I suspect that just about anyone who has lived around here for any length of time has probably had a run-in with an uninvited crane fly at some point.  Found mostly in the Summer and occasionally noted with horror as being similar in appearance to  unusually large mosquitoes, crane flies are pretty much harmless (although their larvae are considered to be a pest for their tendency to feed on grass roots, which can result in lawn damage if left unchecked.)  They don’t sting, they don’t bite, (in fact, most species don’t even feed at all upon reaching maturity) don’t spread any diseases, and for the most part they don’t really do much of anything really, except for show up at the most inopportune times and annoy the heck out of you.  They also have an annoying tendency to stick around whether you want them there or not (but when was the last time you actually wanted one of these things around?)

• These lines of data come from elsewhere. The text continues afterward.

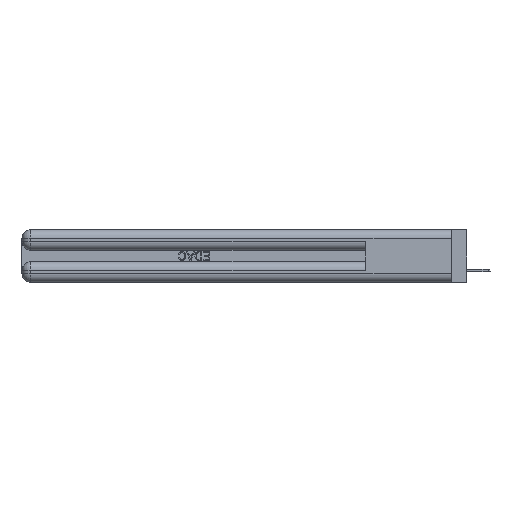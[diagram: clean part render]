
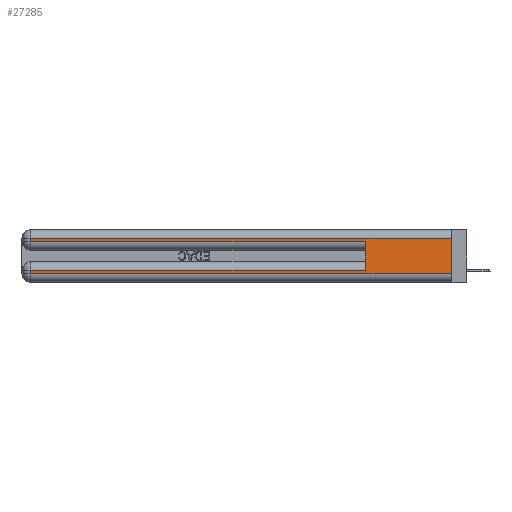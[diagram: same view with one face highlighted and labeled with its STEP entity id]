
A CAD part, left-side view. The second image highlights one B-rep face of the part: STEP entity #27285.
In plain terms, the highlighted planar face has unit normal (-1, 0, 0).
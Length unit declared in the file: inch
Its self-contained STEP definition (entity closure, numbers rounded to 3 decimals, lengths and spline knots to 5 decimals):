
#709 = LINE ( 'NONE', #39176, #34200 ) ;
#1181 = CARTESIAN_POINT ( 'NONE',  ( 0., 0., 0.06 ) ) ;
#3175 = CARTESIAN_POINT ( 'NONE',  ( 0., 0., 0.31 ) ) ;
#4455 = LINE ( 'NONE', #36882, #6273 ) ;
#5602 = VERTEX_POINT ( 'NONE', #26895 ) ;
#5768 = LINE ( 'NONE', #8659, #14757 ) ;
#6273 = VECTOR ( 'NONE', #44848, 39.37008 ) ;
#8459 = ORIENTED_EDGE ( 'NONE', *, *, #21588, .F. ) ;
#8659 = CARTESIAN_POINT ( 'NONE',  ( 0., 0.6, 0.145 ) ) ;
#9239 = VERTEX_POINT ( 'NONE', #3175 ) ;
#10737 = VERTEX_POINT ( 'NONE', #25830 ) ;
#11099 = CARTESIAN_POINT ( 'NONE',  ( 0., 2.94, 0.37 ) ) ;
#12550 = EDGE_CURVE ( 'NONE', #5602, #10737, #31889, .T. ) ;
#14757 = VECTOR ( 'NONE', #35487, 39.37008 ) ;
#15949 = VECTOR ( 'NONE', #32749, 39.37008 ) ;
#16520 = CARTESIAN_POINT ( 'NONE',  ( 0., 0., 0.37 ) ) ;
#16779 = EDGE_LOOP ( 'NONE', ( #18629, #37724, #47309, #41092, #8459, #32001, #28307, #20077 ) ) ;
#18629 = ORIENTED_EDGE ( 'NONE', *, *, #34798, .F. ) ;
#18685 = DIRECTION ( 'NONE',  ( 0., 1., 0. ) ) ;
#18691 = VERTEX_POINT ( 'NONE', #35401 ) ;
#20077 = ORIENTED_EDGE ( 'NONE', *, *, #36191, .T. ) ;
#20869 = DIRECTION ( 'NONE',  ( 0., 0., -1. ) ) ;
#21588 = EDGE_CURVE ( 'NONE', #5602, #38975, #5768, .T. ) ;
#23709 = LINE ( 'NONE', #36987, #15949 ) ;
#25195 = VERTEX_POINT ( 'NONE', #39775 ) ;
#25272 = AXIS2_PLACEMENT_3D ( 'NONE', #32332, #36375, #43526 ) ;
#25830 = CARTESIAN_POINT ( 'NONE',  ( 0., 2.94, 0.085 ) ) ;
#26053 = CARTESIAN_POINT ( 'NONE',  ( 0., 2.94, 0.31 ) ) ;
#26895 = CARTESIAN_POINT ( 'NONE',  ( 0., 0.6, 0.085 ) ) ;
#27285 = ADVANCED_FACE ( 'NONE', ( #29512 ), #43864, .F. ) ;
#27660 = DIRECTION ( 'NONE',  ( 0., 0., -1. ) ) ;
#27788 = EDGE_CURVE ( 'NONE', #30558, #25195, #709, .T. ) ;
#28307 = ORIENTED_EDGE ( 'NONE', *, *, #30925, .T. ) ;
#28311 = VECTOR ( 'NONE', #20869, 39.37008 ) ;
#29512 = FACE_OUTER_BOUND ( 'NONE', #16779, .T. ) ;
#30558 = VERTEX_POINT ( 'NONE', #26053 ) ;
#30925 = EDGE_CURVE ( 'NONE', #10737, #18691, #34842, .T. ) ;
#31660 = CARTESIAN_POINT ( 'NONE',  ( 0., 0., 0.085 ) ) ;
#31889 = LINE ( 'NONE', #31660, #32536 ) ;
#32001 = ORIENTED_EDGE ( 'NONE', *, *, #12550, .T. ) ;
#32032 = LINE ( 'NONE', #16520, #34990 ) ;
#32332 = CARTESIAN_POINT ( 'NONE',  ( 0., 0., 0.37 ) ) ;
#32536 = VECTOR ( 'NONE', #18685, 39.37008 ) ;
#32749 = DIRECTION ( 'NONE',  ( 0., 1., 0. ) ) ;
#32952 = VERTEX_POINT ( 'NONE', #43891 ) ;
#34200 = VECTOR ( 'NONE', #40358, 39.37008 ) ;
#34798 = EDGE_CURVE ( 'NONE', #9239, #32952, #32032, .T. ) ;
#34842 = LINE ( 'NONE', #11099, #28311 ) ;
#34990 = VECTOR ( 'NONE', #27660, 39.37008 ) ;
#35401 = CARTESIAN_POINT ( 'NONE',  ( 0., 2.94, 0.06 ) ) ;
#35487 = DIRECTION ( 'NONE',  ( 0., 0., 1. ) ) ;
#36191 = EDGE_CURVE ( 'NONE', #18691, #32952, #44759, .T. ) ;
#36375 = DIRECTION ( 'NONE',  ( 1., 0., 0. ) ) ;
#36882 = CARTESIAN_POINT ( 'NONE',  ( 0., 0., 0.285 ) ) ;
#36987 = CARTESIAN_POINT ( 'NONE',  ( 0., 0., 0.31 ) ) ;
#37724 = ORIENTED_EDGE ( 'NONE', *, *, #48754, .T. ) ;
#38975 = VERTEX_POINT ( 'NONE', #41193 ) ;
#39176 = CARTESIAN_POINT ( 'NONE',  ( 0., 2.94, 0.37 ) ) ;
#39775 = CARTESIAN_POINT ( 'NONE',  ( 0., 2.94, 0.285 ) ) ;
#40358 = DIRECTION ( 'NONE',  ( 0., 0., -1. ) ) ;
#41092 = ORIENTED_EDGE ( 'NONE', *, *, #43070, .T. ) ;
#41193 = CARTESIAN_POINT ( 'NONE',  ( 0., 0.6, 0.285 ) ) ;
#42329 = VECTOR ( 'NONE', #44093, 39.37008 ) ;
#43070 = EDGE_CURVE ( 'NONE', #25195, #38975, #4455, .T. ) ;
#43526 = DIRECTION ( 'NONE',  ( 0., 0., -1. ) ) ;
#43864 = PLANE ( 'NONE',  #25272 ) ;
#43891 = CARTESIAN_POINT ( 'NONE',  ( 0., 0., 0.06 ) ) ;
#44093 = DIRECTION ( 'NONE',  ( 0., -1., 0. ) ) ;
#44759 = LINE ( 'NONE', #1181, #42329 ) ;
#44848 = DIRECTION ( 'NONE',  ( 0., -1., 0. ) ) ;
#47309 = ORIENTED_EDGE ( 'NONE', *, *, #27788, .T. ) ;
#48754 = EDGE_CURVE ( 'NONE', #9239, #30558, #23709, .T. ) ;
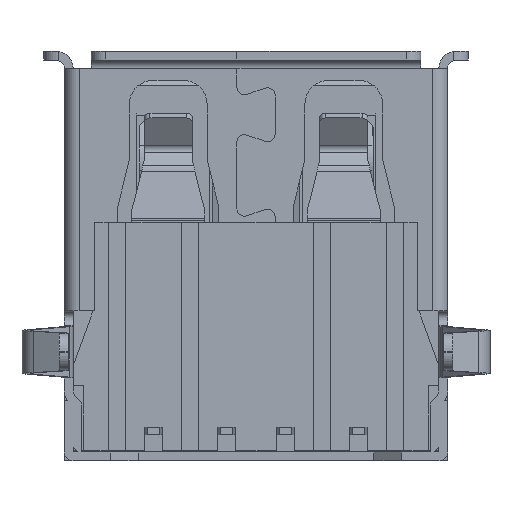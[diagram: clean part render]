
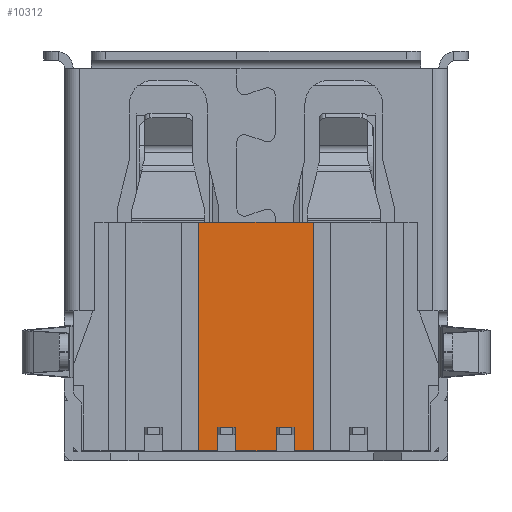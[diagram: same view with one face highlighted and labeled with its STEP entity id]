
A CAD part, front view. The second image highlights one B-rep face of the part: STEP entity #10312.
In plain terms, the highlighted planar face has unit normal (0, -1, 0).
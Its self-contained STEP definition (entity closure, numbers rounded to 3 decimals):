
#413 = LINE ( 'NONE', #14665, #556 ) ;
#433 = DIRECTION ( 'NONE',  ( 0., -1., 0. ) ) ;
#556 = VECTOR ( 'NONE', #9577, 1000. ) ;
#657 = FACE_OUTER_BOUND ( 'NONE', #22241, .T. ) ;
#704 = EDGE_CURVE ( 'NONE', #5682, #4925, #834, .T. ) ;
#779 = LINE ( 'NONE', #20569, #16081 ) ;
#834 = LINE ( 'NONE', #13327, #9277 ) ;
#1241 = EDGE_CURVE ( 'NONE', #13264, #9184, #22699, .T. ) ;
#1286 = VERTEX_POINT ( 'NONE', #6551 ) ;
#1474 = VERTEX_POINT ( 'NONE', #17234 ) ;
#2787 = EDGE_CURVE ( 'NONE', #1474, #1286, #779, .T. ) ;
#3097 = EDGE_CURVE ( 'NONE', #12580, #15242, #20047, .T. ) ;
#3238 = DIRECTION ( 'NONE',  ( -1., 0., 0. ) ) ;
#3451 = ORIENTED_EDGE ( 'NONE', *, *, #3097, .F. ) ;
#3647 = CARTESIAN_POINT ( 'NONE',  ( 0., -6.1, -3.98 ) ) ;
#3790 = LINE ( 'NONE', #11002, #21271 ) ;
#4147 = ORIENTED_EDGE ( 'NONE', *, *, #2787, .T. ) ;
#4272 = ORIENTED_EDGE ( 'NONE', *, *, #19743, .T. ) ;
#4837 = ORIENTED_EDGE ( 'NONE', *, *, #20861, .T. ) ;
#4925 = VERTEX_POINT ( 'NONE', #8452 ) ;
#5547 = CARTESIAN_POINT ( 'NONE',  ( 0., -6.1, 3.03 ) ) ;
#5682 = VERTEX_POINT ( 'NONE', #22541 ) ;
#5766 = AXIS2_PLACEMENT_3D ( 'NONE', #11037, #433, #14909 ) ;
#5913 = ORIENTED_EDGE ( 'NONE', *, *, #1241, .T. ) ;
#5929 = VECTOR ( 'NONE', #12066, 1000. ) ;
#5954 = DIRECTION ( 'NONE',  ( 0., 0., 1. ) ) ;
#6124 = DIRECTION ( 'NONE',  ( 0., 0., -1. ) ) ;
#6551 = CARTESIAN_POINT ( 'NONE',  ( 4.95, -6.1, -3.98 ) ) ;
#7283 = ORIENTED_EDGE ( 'NONE', *, *, #704, .T. ) ;
#7312 = DIRECTION ( 'NONE',  ( 0., 0., -1. ) ) ;
#7554 = VECTOR ( 'NONE', #10863, 1000. ) ;
#8053 = CARTESIAN_POINT ( 'NONE',  ( 0., -6.1, -4.77 ) ) ;
#8391 = LINE ( 'NONE', #10975, #5929 ) ;
#8452 = CARTESIAN_POINT ( 'NONE',  ( 5.55, -6.1, -4.77 ) ) ;
#9030 = VECTOR ( 'NONE', #7312, 1000. ) ;
#9184 = VERTEX_POINT ( 'NONE', #18560 ) ;
#9277 = VECTOR ( 'NONE', #6124, 1000. ) ;
#9577 = DIRECTION ( 'NONE',  ( 0., 0., -1. ) ) ;
#9601 = ORIENTED_EDGE ( 'NONE', *, *, #16571, .T. ) ;
#9612 = VERTEX_POINT ( 'NONE', #20751 ) ;
#10262 = DIRECTION ( 'NONE',  ( 1., 0., 0. ) ) ;
#10312 = ADVANCED_FACE ( 'NONE', ( #657 ), #20324, .T. ) ;
#10863 = DIRECTION ( 'NONE',  ( 1., 0., 0. ) ) ;
#10975 = CARTESIAN_POINT ( 'NONE',  ( 0., -6.1, -4.77 ) ) ;
#11002 = CARTESIAN_POINT ( 'NONE',  ( 8.2, -6.1, 0. ) ) ;
#11037 = CARTESIAN_POINT ( 'NONE',  ( 0., -6.1, 0. ) ) ;
#11722 = DIRECTION ( 'NONE',  ( -1., 0., 0. ) ) ;
#12066 = DIRECTION ( 'NONE',  ( -1., 0., 0. ) ) ;
#12219 = LINE ( 'NONE', #23039, #18435 ) ;
#12336 = CARTESIAN_POINT ( 'NONE',  ( 6.95, -6.1, -4.77 ) ) ;
#12449 = EDGE_CURVE ( 'NONE', #13264, #4925, #8391, .T. ) ;
#12580 = VERTEX_POINT ( 'NONE', #14847 ) ;
#12634 = VECTOR ( 'NONE', #22932, 1000. ) ;
#12870 = LINE ( 'NONE', #18051, #9030 ) ;
#13264 = VERTEX_POINT ( 'NONE', #12336 ) ;
#13327 = CARTESIAN_POINT ( 'NONE',  ( 5.55, -6.1, -3.98 ) ) ;
#13567 = VECTOR ( 'NONE', #11722, 1000. ) ;
#13569 = LINE ( 'NONE', #20629, #14142 ) ;
#13782 = ORIENTED_EDGE ( 'NONE', *, *, #22967, .F. ) ;
#14142 = VECTOR ( 'NONE', #10262, 1000. ) ;
#14579 = ORIENTED_EDGE ( 'NONE', *, *, #12449, .F. ) ;
#14665 = CARTESIAN_POINT ( 'NONE',  ( 7.55, -6.1, -3.98 ) ) ;
#14847 = CARTESIAN_POINT ( 'NONE',  ( 4.3, -6.1, 3.03 ) ) ;
#14859 = EDGE_CURVE ( 'NONE', #19547, #21941, #413, .T. ) ;
#14909 = DIRECTION ( 'NONE',  ( -1., 0., 0. ) ) ;
#15242 = VERTEX_POINT ( 'NONE', #21166 ) ;
#15385 = ORIENTED_EDGE ( 'NONE', *, *, #14859, .T. ) ;
#15639 = CARTESIAN_POINT ( 'NONE',  ( 6.95, -6.1, -4.77 ) ) ;
#16081 = VECTOR ( 'NONE', #5954, 1000. ) ;
#16100 = VECTOR ( 'NONE', #21814, 1000. ) ;
#16571 = EDGE_CURVE ( 'NONE', #1286, #5682, #13569, .T. ) ;
#17121 = ORIENTED_EDGE ( 'NONE', *, *, #19112, .F. ) ;
#17234 = CARTESIAN_POINT ( 'NONE',  ( 4.95, -6.1, -4.77 ) ) ;
#17928 = LINE ( 'NONE', #3647, #7554 ) ;
#17981 = CARTESIAN_POINT ( 'NONE',  ( 7.55, -6.1, -4.77 ) ) ;
#18051 = CARTESIAN_POINT ( 'NONE',  ( 4.3, -6.1, 0. ) ) ;
#18261 = ORIENTED_EDGE ( 'NONE', *, *, #22268, .T. ) ;
#18435 = VECTOR ( 'NONE', #3238, 1000. ) ;
#18560 = CARTESIAN_POINT ( 'NONE',  ( 6.95, -6.1, -3.98 ) ) ;
#19112 = EDGE_CURVE ( 'NONE', #1474, #20314, #20777, .T. ) ;
#19547 = VERTEX_POINT ( 'NONE', #22984 ) ;
#19743 = EDGE_CURVE ( 'NONE', #9184, #19547, #17928, .T. ) ;
#19939 = DIRECTION ( 'NONE',  ( 0., 0., 1. ) ) ;
#20047 = LINE ( 'NONE', #5547, #16100 ) ;
#20314 = VERTEX_POINT ( 'NONE', #21158 ) ;
#20324 = PLANE ( 'NONE',  #5766 ) ;
#20569 = CARTESIAN_POINT ( 'NONE',  ( 4.95, -6.1, -4.77 ) ) ;
#20629 = CARTESIAN_POINT ( 'NONE',  ( 0., -6.1, -3.98 ) ) ;
#20751 = CARTESIAN_POINT ( 'NONE',  ( 8.2, -6.1, -4.77 ) ) ;
#20777 = LINE ( 'NONE', #8053, #13567 ) ;
#20861 = EDGE_CURVE ( 'NONE', #12580, #20314, #12870, .T. ) ;
#21158 = CARTESIAN_POINT ( 'NONE',  ( 4.3, -6.1, -4.77 ) ) ;
#21166 = CARTESIAN_POINT ( 'NONE',  ( 8.2, -6.1, 3.03 ) ) ;
#21271 = VECTOR ( 'NONE', #19939, 1000. ) ;
#21814 = DIRECTION ( 'NONE',  ( 1., 0., 0. ) ) ;
#21941 = VERTEX_POINT ( 'NONE', #17981 ) ;
#22241 = EDGE_LOOP ( 'NONE', ( #5913, #4272, #15385, #13782, #18261, #3451, #4837, #17121, #4147, #9601, #7283, #14579 ) ) ;
#22268 = EDGE_CURVE ( 'NONE', #9612, #15242, #3790, .T. ) ;
#22541 = CARTESIAN_POINT ( 'NONE',  ( 5.55, -6.1, -3.98 ) ) ;
#22699 = LINE ( 'NONE', #15639, #12634 ) ;
#22932 = DIRECTION ( 'NONE',  ( 0., 0., 1. ) ) ;
#22967 = EDGE_CURVE ( 'NONE', #9612, #21941, #12219, .T. ) ;
#22984 = CARTESIAN_POINT ( 'NONE',  ( 7.55, -6.1, -3.98 ) ) ;
#23039 = CARTESIAN_POINT ( 'NONE',  ( 0., -6.1, -4.77 ) ) ;

About 15-20 miles past Snoqualmie Pass on I-90 between Easton and Cle Elum there is a ranch/campground owned by the LDS church which is known as Ensign Ranch, and which is frequently the location for overnight activities.  I was attending one such activity last night with a group of single adults.  To be perfectly honest, although I come equipped with most of the basic camping gear when I attend these things, I’ve never been all that great camping.  The one time I got involved with an actual “roughing it” type campout back when I was in the process of flunking out of the Boy Scouts was, in a word, disastrous.  Not quite so much that they had to airlift me out or anything like that, but enough so to put me off the idea of ever doing anything like that for fun, or anything resembling it.  This means that on the rare occasions when I do go camping it’s mostly of the wimpy “car camping” variety.  In this particular case I mean this literally, as I end up sleeping in my car.  I think I may have actually done a Blog post on this a couple of years ago, but to make a long story short, I’ve figured out that when I fold down the front and back seats of my car (the front passenger seat can be folded down flat to basically get it out of the way) and put down one of those self-inflating foam pads I can create a semi-passable  sleeping space in the car.  It’s not exactly the most comfortable thing in the world, but it’s comfortable enough that I am able to actually sleep there.  Being something of a picky sleeper (definitely not by choice) and given the fact that it doesn’t take much to prevent me from being able to sleep at all, this is actually pretty good compared to some of the alternatives.  It also tends to somewhat reduce my chances of being eaten by a bear, something that is pretty much guaranteed to ruin the whole camping trip for everyone (especially the one being eaten by the bear.)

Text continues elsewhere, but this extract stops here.